**HOW TO COMPLETE THIS TASK**
Locate the line that contains "spline S24 degree" in the entries below, then repeat it and every following line through the line that contains "spline S43 degree", exactly, and no others.

(Collected data)
□ □ □ □ □ □ □
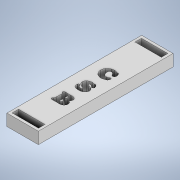
# Autodesk Inventor part: LegWithTextCSB
Saved by Autodesk Inventor 2021 (Build 250183000, 183)
## iProperties
Created: 2024-05-05
Part Number: LegWithTextCSB
Material: Generic
Document SubType Name: Modeling
Designer: brybr
Density: 1 g/cm^3
Appearance: Default
Author: brybr
Autodesk Inventor part; units mm, degrees
ref_plane "YZ Plane" through (0, 0, 0) normal (1, 0, 0) x (0, 1, 0)
ref_plane "XZ Plane" through (0, 0, 0) normal (0, 1, 0) x (-1, 0, 0)
ref_plane "XY Plane" through (0, 0, 0) normal (0, 0, 1) x (1, 0, 0)
sketch "Sketch1" plane through (0, 0, 0) normal (0, 0, 1) x (1, 0, 0)
  line L0 (-17.5, 6.5) -> (17.5, 6.5)
  line L1 (17.5, 6.5) -> (17.5, -6.5)
  line L2 (17.5, -6.5) -> (-17.5, -6.5)
  line L3 (-17.5, -6.5) -> (-17.5, 6.5)
  line L4 (-17.5, 6.5) -> (17.5, -6.5) construction
  line L5 (17.5, 6.5) -> (-17.5, -6.5) construction
  line L6 (-17.5, 6.5) -> (17.5, 6.5) construction
  point P0 (0, 0)
  dimension "d0" = 35
  dimension "d1" = 0
  dimension "d2" = 13
  constraints: 14 end point, 2 horizontal, 2 midpoint, 2 parallel, 1 collinear, 1 perpendicular
  measures "d0" distance of L0.start L0.end
  measures "d1" distance between parallel lines of L0 L6
  measures "d2" distance of L0.end L1.end
extrude "Extrusion1" add sketch "Sketch1" along normal blind 150
sketch "Sketch2" plane through (-17.5, 6.5, 0) normal (0, 1, 0) x (1, 0, 0)
  line L0 (2.8, -10.2) -> (32.2, -10.2)
  line L1 (32.2, -10.2) -> (32.2, -3)
  line L2 (32.2, -3) -> (2.8, -3)
  line L3 (2.8, -3) -> (2.8, -10.2)
  line L4 (2.8, -10.2) -> (32.2, -3) construction
  line L5 (32.2, -10.2) -> (2.8, -3) construction
  line L6 (2.8, -10.2) -> (32.2, -10.2) construction
  line L7 (2.8, -6.6) -> (0, -6.6)
  line L8 (0, 0) -> (0, -150) projected
  line L9 (35, 0) -> (35, -150) projected
  line L10 (35, -6.6) -> (32.2, -6.6)
  line L11 (35, 0) -> (0, 0) projected
  line L12 (2.8, -147) -> (32.2, -147)
  line L13 (32.2, -147) -> (32.2, -139.8)
  line L14 (32.2, -139.8) -> (2.8, -139.8)
  line L15 (2.8, -139.8) -> (2.8, -147)
  line L16 (2.8, -147) -> (32.2, -139.8) construction
  line L17 (32.2, -147) -> (2.8, -139.8) construction
  line L18 (2.8, -147) -> (32.2, -147) construction
  line L19 (2.8, -143.4) -> (0, -143.4)
  line L20 (35, -143.4) -> (32.2, -143.4)
  line L21 (35, -150) -> (0, -150) projected
  point P0 (17.5, 0)
  point P1 (17.5, -6.6)
  point P2 (17.5, -143.4)
  dimension "d6" = 29.4
  dimension "d7" = 0
  dimension "d8" = 7.2
  dimension "d9" = 3
  dimension "d12" = 29.4
  dimension "d13" = 0
  dimension "d14" = 7.2
  dimension "d15" = 3
  constraints: 36 end point, 8 midpoint, 6 horizontal, 6 point on line, 4 collinear, 4 parallel, 2 perpendicular
  measures "d6" distance of L0.start L0.end
  measures "d7" distance between parallel lines of L0 L6
  measures "d8" distance of L1.end L0.end
  measures "d9" distance between parallel lines of L11 L2
  measures "d12" distance of L12.start L12.end
  measures "d13" distance between parallel lines of L12 L18
  measures "d14" distance of L13.end L12.end
  measures "d15" distance between parallel lines of L21 L12
extrude "Extrusion2" cut sketch "Sketch2" against normal through all contours L3 L2 L1 L0 | L15 L14 L13 L12
sketch "Sketch3" plane through (-17.5, 6.5, 0) normal (0, 1, 0) x (1, 0, 0)
  line L0 (6.4393, -10.6292) -> (29.3125, -10.6292) construction
  line L1 (29.3125, -10.6292) -> (29.3125, -150.0931) construction
  line L2 (29.3125, -150.0931) -> (6.4393, -150.0931) construction
  line L3 (6.4393, -150.0931) -> (6.4393, -10.6292) construction
  spline S0 degree 2 poles (18.615, -48.7845) (20.1659, -48.7845) (21.6199, -49.4752) knots 0 0 0 1 1 1
  spline S1 degree 2 poles (21.6199, -49.4752) (22.2378, -49.7539) (22.4559, -49.7539) knots 0 0 0 1 1 1
  spline S2 degree 2 poles (22.4559, -49.7539) (22.6134, -49.7539) (23.0011, -49.669) knots 0 0 0 1 1 1
  spline S3 degree 2 poles (23.0011, -49.669) (23.1707, -49.6327) (23.3525, -49.6327) knots 0 0 0 1 1 1
  spline S4 degree 2 poles (23.3525, -49.6327) (23.9947, -49.6327) (24.4672, -50.2143) knots 0 0 0 1 1 1
  spline S5 degree 2 poles (24.4672, -50.2143) (25.5092, -51.4744) (25.5092, -53.3161) knots 0 0 0 1 1 1
  spline S6 degree 2 poles (25.5092, -53.3161) (25.5092, -54.6973) (24.552, -55.3395) knots 0 0 0 1 1 1
  spline S7 degree 2 poles (24.552, -55.3395) (24.031, -55.6787) (23.3888, -55.6787) knots 0 0 0 1 1 1
  spline S8 degree 2 poles (23.3888, -55.6787) (22.783, -55.6787) (22.0197, -55.1577) (21.6926, -54.5398) knots 0 0 0 1 2 2 2
  spline S9 degree 2 poles (21.6926, -54.5398) (21.2564, -53.728) (20.7233, -53.0495) (20.4082, -52.8193) knots 0 0 0 1 2 2 2
  spline S10 degree 2 poles (20.4082, -52.8193) (19.4026, -52.1165) (18.3727, -52.1165) knots 0 0 0 1 1 1
  spline S11 degree 2 poles (18.3727, -52.1165) (17.4155, -52.1165) (16.2766, -53.522) (16.2766, -54.7458) knots 0 0 0 1 2 2 2
  spline S12 degree 2 poles (16.2766, -54.7458) (16.2766, -56.4663) (17.1368, -57.896) knots 0 0 0 1 1 1
  spline S13 degree 2 poles (17.1368, -57.896) (18.3, -59.774) (20.4567, -59.774) knots 0 0 0 1 1 1
  spline S14 degree 2 poles (20.4567, -59.774) (21.2564, -59.774) (22.8194, -59.2409) (23.3525, -58.7563) knots 0 0 0 1 2 2 2
  spline S15 degree 2 poles (23.3525, -58.7563) (23.7039, -58.3928) (24.0431, -58.3928) knots 0 0 0 1 1 1
  spline S16 degree 2 poles (24.0431, -58.3928) (24.5157, -58.3928) (25.1336, -59.2167) (25.1336, -59.7498) knots 0 0 0 1 2 2 2
  spline S17 degree 2 poles (25.1336, -59.7498) (25.1336, -60.4041) (24.3703, -61.9913) (23.9098, -62.3548) knots 0 0 0 1 2 2 2
  spline S18 degree 2 poles (23.9098, -62.3548) (23.5706, -62.6456) (22.88, -62.791) knots 0 0 0 1 1 1
  spline S19 degree 2 poles (22.88, -62.791) (22.4559, -62.8637) (21.838, -63.1666) knots 0 0 0 1 1 1
  spline S20 degree 2 poles (21.838, -63.1666) (20.2507, -63.9178) (18.5544, -63.9178) knots 0 0 0 1 1 1
  spline S21 degree 2 poles (18.5544, -63.9178) (16.7612, -63.9178) (15.0043, -63.1303) knots 0 0 0 1 1 1
  spline S22 degree 2 poles (15.0043, -63.1303) (12.9446, -62.1973) (11.9632, -60.3799) knots 0 0 0 1 1 1
  spline S23 degree 2 poles (11.9632, -60.3799) (10.5819, -58.417) (10.5819, -56.3694) knots 0 0 0 1 1 1
  spline S24 degree 2 poles (10.5819, -56.3694) (10.5819, -53.9946) (12.048, -52.0438) knots 0 0 0 1 1 1
  spline S25 degree 2 poles (12.048, -52.0438) (13.3202, -50.3597) (15.38, -49.4631) knots 0 0 0 1 1 1
  spline S26 degree 2 poles (15.38, -49.4631) (16.9551, -48.7845) (18.615, -48.7845) knots 0 0 0 1 1 1
  spline S27 degree 2 poles (17.785, -72.8793) (18.8755, -72.8793) (20.6445, -73.4124) knots 0 0 0 1 1 1
  spline S28 degree 2 poles (20.6445, -73.4124) (20.8141, -73.473) (20.9111, -73.473) knots 0 0 0 1 1 1
  spline S29 degree 2 poles (20.9111, -73.473) (20.9716, -73.473) (21.4563, -73.3034) knots 0 0 0 1 1 1
  spline S30 degree 2 poles (21.4563, -73.3034) (21.6623, -73.2186) (21.8804, -73.2186) knots 0 0 0 1 1 1
  spline S31 degree 2 poles (21.8804, -73.2186) (22.6922, -73.2186) (24.34, -75.5691) (24.34, -76.6233) knots 0 0 0 1 2 2 2
  spline S32 degree 2 poles (24.34, -76.6233) (24.34, -77.2775) (23.5282, -78.2105) (22.9345, -78.2105) knots 0 0 0 1 2 2 2
  spline S33 degree 2 poles (22.9345, -78.2105) (22.4498, -78.2105) (21.8561, -77.8349) (20.9716, -77.011) knots 0 0 0 1 2 2 2
  spline S34 degree 2 poles (20.9716, -77.011) (19.7842, -75.9084) (18.6695, -75.9084) knots 0 0 0 1 1 1
  spline S35 degree 2 poles (18.6695, -75.9084) (18.1728, -75.9084) (17.6154, -76.3446) (17.6154, -76.696) knots 0 0 0 1 2 2 2
  spline S36 degree 2 poles (17.6154, -76.696) (17.6154, -77.4472) (19.1784, -77.8955) knots 0 0 0 1 1 1
  spline S37 degree 2 poles (19.1784, -77.8955) (21.2018, -78.5013) (21.8198, -78.7921) knots 0 0 0 1 1 1
  spline S38 degree 2 poles (21.8198, -78.7921) (24.5823, -80.137) (24.5823, -82.7662) knots 0 0 0 1 1 1
  spline S39 degree 2 poles (24.5823, -82.7662) (24.5823, -85.0805) (22.7043, -86.5344) knots 0 0 0 1 1 1
  spline S40 degree 2 poles (22.7043, -86.5344) (20.802, -88.0126) (17.7487, -88.0126) knots 0 0 0 1 1 1
  spline S41 degree 2 poles (17.7487, -88.0126) (16.3917, -88.0126) (13.3989, -87.3704) (12.6114, -86.8252) knots 0 0 0 1 2 2 2
  spline S42 degree 2 poles (12.6114, -86.8252) (12.151, -86.5465) (11.3149, -84.2323) (11.3149, -83.1176) knots 0 0 0 1 2 2 2
  spline S43 degree 2 poles (11.3149, -83.1176) (11.3149, -82.5481) (11.5209, -82.4027) knots 0 0 0 1 1 1
  spline S44 degree 2 poles (11.5209, -82.4027) (11.8844, -81.8212) (12.3933, -81.8212) knots 0 0 0 1 1 1
  spline S45 degree 2 poles (12.3933, -81.8212) (12.8779, -81.8212) (13.2657, -82.2452) knots 0 0 0 1 1 1
  spline S46 degree 2 poles (13.2657, -82.2452) (13.5443, -82.536) (14.3561, -83.7719) knots 0 0 0 1 1 1
  spline S47 degree 2 poles (14.3561, -83.7719) (14.7075, -84.3171) (16.2705, -85.032) (17.1186, -85.032) knots 0 0 0 1 2 2 2
  spline S48 degree 2 poles (17.1186, -85.032) (17.8214, -85.032) (18.6211, -84.5594) (18.6211, -84.2202) knots 0 0 0 1 2 2 2
  spline S49 degree 2 poles (18.6211, -84.2202) (18.6211, -83.9173) (17.991, -83.4084) (17.0338, -83.0934) knots 0 0 0 1 2 2 2
  spline S50 degree 2 poles (17.0338, -83.0934) (15.6889, -82.6935) (14.0896, -81.8817) (13.7624, -81.3365) knots 0 0 0 1 2 2 2
  spline S51 degree 2 poles (13.7624, -81.3365) (11.6905, -79.7614) (11.6905, -77.8228) knots 0 0 0 1 1 1
  spline S52 degree 2 poles (11.6905, -77.8228) (11.6905, -76.8535) (12.575, -75.0481) (13.3141, -74.4787) knots 0 0 0 1 2 2 2
  spline S53 degree 2 poles (13.3141, -74.4787) (15.1922, -72.8793) (17.785, -72.8793) knots 0 0 0 1 1 1
  line L4 (16.3493, -111.8166) -> (14.968, -111.8287)
  spline S54 degree 2 poles (14.968, -111.8287) (13.5262, -111.8529) (12.8719, -111.8893) knots 0 0 0 1 1 1
  spline S55 degree 2 poles (12.8719, -111.8893) (12.2539, -111.9377) (11.9753, -111.9377) knots 0 0 0 1 1 1
  spline S56 degree 2 poles (11.9753, -111.9377) (11.2604, -111.9377) (10.8363, -111.5864) knots 0 0 0 1 1 1
  spline S57 degree 2 poles (10.8363, -111.5864) (10.388, -111.1865) (10.388, -110.6413) knots 0 0 0 1 1 1
  spline S58 degree 2 poles (10.388, -110.6413) (10.388, -110.2778) (10.7152, -109.878) (11.2725, -109.4902) knots 0 0 0 1 2 2 2
  spline S59 degree 2 poles (11.2725, -109.4902) (11.5027, -109.3327) (11.7087, -108.5452) (11.842, -107.1033) knots 0 0 0 1 2 2 2
  spline S60 degree 2 poles (11.842, -107.1033) (12.0359, -104.8497) (12.0359, -101.5662) knots 0 0 0 1 1 1
  spline S61 degree 2 poles (12.0359, -101.5662) (12.0359, -100.403) (11.7572, -99.7124) (11.1514, -99.4458) knots 0 0 0 1 2 2 2
  spline S62 degree 2 poles (11.1514, -99.4458) (10.4365, -99.1429) (10.4365, -98.4402) knots 0 0 0 1 1 1
  spline S63 degree 2 poles (10.4365, -98.4402) (10.4365, -97.8828) (11.4058, -97.2043) (12.1207, -97.2043) knots 0 0 0 1 2 2 2
  spline S64 degree 2 poles (12.1207, -97.2043) (12.4236, -97.2043) (13.0415, -97.2406) knots 0 0 0 1 1 1
  spline S65 degree 2 poles (13.0415, -97.2406) (13.8654, -97.277) (14.9922, -97.277) knots 0 0 0 1 1 1
  spline S66 degree 2 poles (14.9922, -97.277) (15.8767, -97.277) (18.0334, -97.2164) knots 0 0 0 1 1 1
  spline S67 degree 2 poles (18.0334, -97.2164) (18.8695, -97.1922) (19.342, -97.1922) knots 0 0 0 1 1 1
  spline S68 degree 2 poles (19.342, -97.1922) (20.7354, -97.1922) (22.5165, -97.6647) (23.1707, -98.2221) knots 0 0 0 1 2 2 2
  spline S69 degree 2 poles (23.1707, -98.2221) (24.2612, -99.1429) (24.2612, -100.6696) knots 0 0 0 1 1 1
  spline S70 degree 2 poles (24.2612, -100.6696) (24.2612, -101.4329) (23.6191, -102.8869) (23.0617, -103.323) knots 0 0 0 1 2 2 2
  spline S71 degree 2 poles (23.0617, -103.323) (22.7951, -103.5411) (22.7951, -103.6744) knots 0 0 0 1 1 1
  spline S72 degree 2 poles (22.7951, -103.6744) (22.7951, -103.7956) (23.0859, -103.9167) knots 0 0 0 1 1 1
  spline S73 degree 2 poles (23.0859, -103.9167) (23.9947, -104.2802) (24.7095, -105.1284) knots 0 0 0 1 1 1
  spline S74 degree 2 poles (24.7095, -105.1284) (25.485, -106.0371) (25.485, -107.3578) knots 0 0 0 1 1 1
  spline S75 degree 2 poles (25.485, -107.3578) (25.485, -108.9329) (24.3339, -110.2293) knots 0 0 0 1 1 1
  spline S76 degree 2 poles (24.3339, -110.2293) (22.8315, -111.9377) (19.9236, -111.9377) knots 0 0 0 1 1 1
  spline S77 degree 2 poles (19.9236, -111.9377) (19.5237, -111.9377) (18.0213, -111.8772) knots 0 0 0 1 1 1
  spline S78 degree 2 poles (18.0213, -111.8772) (16.6522, -111.8287) (16.3493, -111.8166) knots 0 0 0 1 1 1
  line L5 (17.2943, -106.3279) -> (17.2943, -107.3093)
  spline S79 degree 2 poles (17.2943, -107.3093) (17.2943, -108.63) (17.6094, -109.357) (18.0698, -109.357) knots 0 0 0 1 2 2 2
  spline S80 degree 2 poles (18.0698, -109.357) (19.4268, -109.357) (19.4268, -107.7213) knots 0 0 0 1 1 1
  spline S81 degree 2 poles (19.4268, -107.7213) (19.4268, -105.6373) (17.8759, -105.6373) knots 0 0 0 1 1 1
  spline S82 degree 2 poles (17.8759, -105.6373) (17.5245, -105.6373) (17.2943, -105.8917) (17.2943, -106.3279) knots 0 0 0 1 2 2 2
  line L6 (17.2943, -100.3545) -> (17.2943, -102.4991)
  spline S83 degree 2 poles (17.2943, -102.4991) (17.2943, -102.9474) (17.4518, -103.214) (17.6457, -103.214) knots 0 0 0 1 2 2 2
  spline S84 degree 2 poles (17.6457, -103.214) (18.3121, -103.214) (18.93, -102.4022) (18.93, -101.4692) knots 0 0 0 1 2 2 2
  spline S85 degree 2 poles (18.93, -101.4692) (18.93, -100.5726) (18.2758, -99.6518) (17.7184, -99.6518) knots 0 0 0 1 2 2 2
  spline S86 degree 2 poles (17.7184, -99.6518) (17.464, -99.6518) (17.2943, -99.8941) (17.2943, -100.3545) knots 0 0 0 1 2 2 2
  point P0 (17.5, 0)
  constraints: 2 other
emboss "Emboss1" sketch "Sketch3" operation cut depth 20 direction (0, -1, 0)
sketch "Sketch4" plane through (-17.5, 6.5, 0) normal (0, 1, 0) x (1, 0, 0)
  line L0 (17.796, -111.9623) -> (18.61, -111.9623)
  line L1 (18.61, -111.9623) -> (18.61, -109.1669)
  line L2 (18.61, -109.1669) -> (17.796, -109.1669)
  line L3 (17.796, -109.1669) -> (17.796, -111.9623)
  line L4 (17.4202, -97.1682) -> (18.1771, -97.1682)
  line L5 (18.1771, -97.1682) -> (18.1771, -99.8895)
  line L6 (18.1771, -99.8895) -> (17.4202, -99.8895)
  line L7 (17.4202, -99.8895) -> (17.4202, -97.1682)
  point P0 (17.7184, -99.6518)
  point P1 (18.0334, -97.2164)
  constraints: 16 end point, 4 parallel, 2 horizontal, 2 perpendicular
extrude "Extrusion3" [suppressed]
body "Solid1"
□ □ □ □ □ □ □
**RESULT OF THIS EXERCISE**
  spline S24 degree 2 poles (10.5819, -56.3694) (10.5819, -53.9946) (12.048, -52.0438) knots 0 0 0 1 1 1
  spline S25 degree 2 poles (12.048, -52.0438) (13.3202, -50.3597) (15.38, -49.4631) knots 0 0 0 1 1 1
  spline S26 degree 2 poles (15.38, -49.4631) (16.9551, -48.7845) (18.615, -48.7845) knots 0 0 0 1 1 1
  spline S27 degree 2 poles (17.785, -72.8793) (18.8755, -72.8793) (20.6445, -73.4124) knots 0 0 0 1 1 1
  spline S28 degree 2 poles (20.6445, -73.4124) (20.8141, -73.473) (20.9111, -73.473) knots 0 0 0 1 1 1
  spline S29 degree 2 poles (20.9111, -73.473) (20.9716, -73.473) (21.4563, -73.3034) knots 0 0 0 1 1 1
  spline S30 degree 2 poles (21.4563, -73.3034) (21.6623, -73.2186) (21.8804, -73.2186) knots 0 0 0 1 1 1
  spline S31 degree 2 poles (21.8804, -73.2186) (22.6922, -73.2186) (24.34, -75.5691) (24.34, -76.6233) knots 0 0 0 1 2 2 2
  spline S32 degree 2 poles (24.34, -76.6233) (24.34, -77.2775) (23.5282, -78.2105) (22.9345, -78.2105) knots 0 0 0 1 2 2 2
  spline S33 degree 2 poles (22.9345, -78.2105) (22.4498, -78.2105) (21.8561, -77.8349) (20.9716, -77.011) knots 0 0 0 1 2 2 2
  spline S34 degree 2 poles (20.9716, -77.011) (19.7842, -75.9084) (18.6695, -75.9084) knots 0 0 0 1 1 1
  spline S35 degree 2 poles (18.6695, -75.9084) (18.1728, -75.9084) (17.6154, -76.3446) (17.6154, -76.696) knots 0 0 0 1 2 2 2
  spline S36 degree 2 poles (17.6154, -76.696) (17.6154, -77.4472) (19.1784, -77.8955) knots 0 0 0 1 1 1
  spline S37 degree 2 poles (19.1784, -77.8955) (21.2018, -78.5013) (21.8198, -78.7921) knots 0 0 0 1 1 1
  spline S38 degree 2 poles (21.8198, -78.7921) (24.5823, -80.137) (24.5823, -82.7662) knots 0 0 0 1 1 1
  spline S39 degree 2 poles (24.5823, -82.7662) (24.5823, -85.0805) (22.7043, -86.5344) knots 0 0 0 1 1 1
  spline S40 degree 2 poles (22.7043, -86.5344) (20.802, -88.0126) (17.7487, -88.0126) knots 0 0 0 1 1 1
  spline S41 degree 2 poles (17.7487, -88.0126) (16.3917, -88.0126) (13.3989, -87.3704) (12.6114, -86.8252) knots 0 0 0 1 2 2 2
  spline S42 degree 2 poles (12.6114, -86.8252) (12.151, -86.5465) (11.3149, -84.2323) (11.3149, -83.1176) knots 0 0 0 1 2 2 2
  spline S43 degree 2 poles (11.3149, -83.1176) (11.3149, -82.5481) (11.5209, -82.4027) knots 0 0 0 1 1 1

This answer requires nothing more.